>>>>
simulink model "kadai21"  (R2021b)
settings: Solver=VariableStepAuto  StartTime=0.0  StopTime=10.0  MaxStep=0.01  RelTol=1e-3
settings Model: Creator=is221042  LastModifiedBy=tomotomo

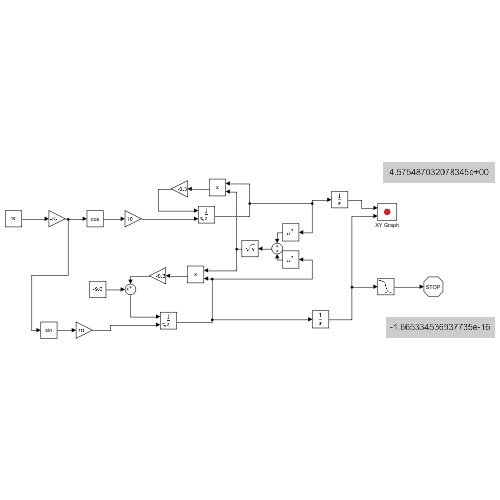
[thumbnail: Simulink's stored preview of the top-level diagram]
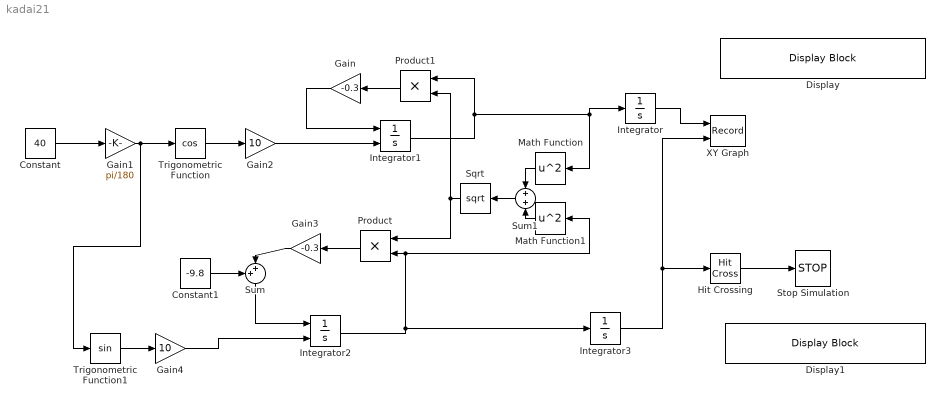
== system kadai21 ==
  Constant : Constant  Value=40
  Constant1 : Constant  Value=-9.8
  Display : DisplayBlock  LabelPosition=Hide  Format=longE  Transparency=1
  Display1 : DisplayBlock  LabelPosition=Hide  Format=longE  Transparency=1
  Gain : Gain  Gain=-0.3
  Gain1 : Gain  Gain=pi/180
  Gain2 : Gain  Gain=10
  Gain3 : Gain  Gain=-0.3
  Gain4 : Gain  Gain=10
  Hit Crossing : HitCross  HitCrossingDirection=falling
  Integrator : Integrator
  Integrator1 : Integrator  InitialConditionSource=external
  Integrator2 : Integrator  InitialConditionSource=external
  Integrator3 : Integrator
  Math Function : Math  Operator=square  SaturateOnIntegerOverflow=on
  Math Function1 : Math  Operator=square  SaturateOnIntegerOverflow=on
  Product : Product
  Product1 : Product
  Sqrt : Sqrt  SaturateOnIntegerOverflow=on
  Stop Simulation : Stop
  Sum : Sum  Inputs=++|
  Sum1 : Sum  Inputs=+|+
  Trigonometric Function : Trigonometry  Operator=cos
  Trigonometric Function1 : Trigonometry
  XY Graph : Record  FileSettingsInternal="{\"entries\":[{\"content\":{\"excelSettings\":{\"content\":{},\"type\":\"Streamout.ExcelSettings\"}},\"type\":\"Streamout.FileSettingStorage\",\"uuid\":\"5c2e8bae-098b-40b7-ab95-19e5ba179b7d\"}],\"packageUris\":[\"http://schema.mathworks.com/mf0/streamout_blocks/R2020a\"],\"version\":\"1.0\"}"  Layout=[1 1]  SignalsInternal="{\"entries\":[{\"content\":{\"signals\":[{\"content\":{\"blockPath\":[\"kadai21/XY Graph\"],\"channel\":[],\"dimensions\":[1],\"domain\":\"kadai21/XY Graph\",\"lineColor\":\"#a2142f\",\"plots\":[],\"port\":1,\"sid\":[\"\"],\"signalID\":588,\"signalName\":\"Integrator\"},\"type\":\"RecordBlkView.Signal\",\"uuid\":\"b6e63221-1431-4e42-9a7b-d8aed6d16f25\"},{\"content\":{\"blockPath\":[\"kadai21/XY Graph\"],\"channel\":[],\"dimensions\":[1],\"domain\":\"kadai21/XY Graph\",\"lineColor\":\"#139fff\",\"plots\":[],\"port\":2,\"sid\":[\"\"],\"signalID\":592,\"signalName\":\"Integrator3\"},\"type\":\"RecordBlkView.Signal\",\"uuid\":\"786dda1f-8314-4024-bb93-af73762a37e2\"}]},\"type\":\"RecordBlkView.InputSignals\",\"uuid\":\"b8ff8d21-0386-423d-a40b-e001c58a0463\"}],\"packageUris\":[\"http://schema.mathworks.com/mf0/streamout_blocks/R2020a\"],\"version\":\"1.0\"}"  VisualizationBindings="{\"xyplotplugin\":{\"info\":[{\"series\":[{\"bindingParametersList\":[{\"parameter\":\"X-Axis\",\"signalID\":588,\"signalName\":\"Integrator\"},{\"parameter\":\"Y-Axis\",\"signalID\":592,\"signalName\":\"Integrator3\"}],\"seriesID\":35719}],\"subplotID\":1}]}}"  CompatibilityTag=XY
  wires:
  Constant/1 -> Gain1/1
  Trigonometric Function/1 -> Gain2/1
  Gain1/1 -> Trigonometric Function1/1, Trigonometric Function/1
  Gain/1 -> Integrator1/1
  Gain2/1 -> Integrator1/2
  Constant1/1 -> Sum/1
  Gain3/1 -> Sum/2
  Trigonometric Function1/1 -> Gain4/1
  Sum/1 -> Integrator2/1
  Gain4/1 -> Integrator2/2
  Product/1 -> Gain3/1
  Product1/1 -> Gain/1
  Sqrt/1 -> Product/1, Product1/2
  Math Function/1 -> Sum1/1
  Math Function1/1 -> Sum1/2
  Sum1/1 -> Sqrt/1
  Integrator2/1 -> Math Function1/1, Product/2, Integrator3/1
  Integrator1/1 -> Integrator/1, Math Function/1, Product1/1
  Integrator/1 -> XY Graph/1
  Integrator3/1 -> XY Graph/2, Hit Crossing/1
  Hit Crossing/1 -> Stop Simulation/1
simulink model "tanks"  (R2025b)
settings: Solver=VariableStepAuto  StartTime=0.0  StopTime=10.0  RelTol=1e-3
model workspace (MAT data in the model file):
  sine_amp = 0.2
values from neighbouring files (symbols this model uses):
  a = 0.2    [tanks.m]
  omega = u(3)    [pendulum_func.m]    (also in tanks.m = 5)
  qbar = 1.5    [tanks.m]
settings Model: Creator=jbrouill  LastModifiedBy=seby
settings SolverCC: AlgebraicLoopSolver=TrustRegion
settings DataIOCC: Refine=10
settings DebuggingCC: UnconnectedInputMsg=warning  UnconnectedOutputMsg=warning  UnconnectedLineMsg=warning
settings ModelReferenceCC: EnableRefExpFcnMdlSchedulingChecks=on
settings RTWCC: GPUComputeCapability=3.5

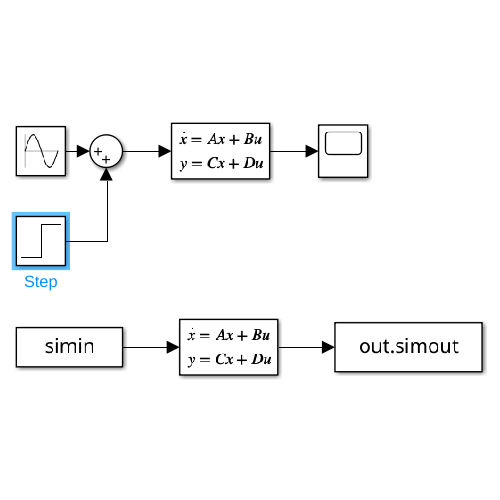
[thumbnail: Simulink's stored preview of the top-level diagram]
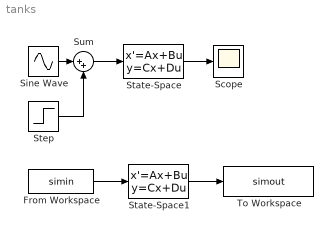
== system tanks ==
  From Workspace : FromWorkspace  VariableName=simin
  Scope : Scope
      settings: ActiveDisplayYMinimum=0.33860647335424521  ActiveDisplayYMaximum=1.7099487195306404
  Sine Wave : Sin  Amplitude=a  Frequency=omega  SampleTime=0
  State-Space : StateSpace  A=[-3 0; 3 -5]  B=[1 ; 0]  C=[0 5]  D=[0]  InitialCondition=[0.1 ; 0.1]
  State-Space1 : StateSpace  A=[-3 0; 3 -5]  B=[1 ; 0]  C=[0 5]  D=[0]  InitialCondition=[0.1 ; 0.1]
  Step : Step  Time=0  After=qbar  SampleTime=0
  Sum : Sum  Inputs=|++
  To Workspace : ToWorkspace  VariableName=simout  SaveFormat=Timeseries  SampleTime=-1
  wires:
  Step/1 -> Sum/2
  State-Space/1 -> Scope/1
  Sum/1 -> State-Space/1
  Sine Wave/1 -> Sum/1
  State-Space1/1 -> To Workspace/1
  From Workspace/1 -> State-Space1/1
<<<<
_Work order_. Tally the lines above that hold "Operator" and write the result as a lone number.

_Answer section_. 3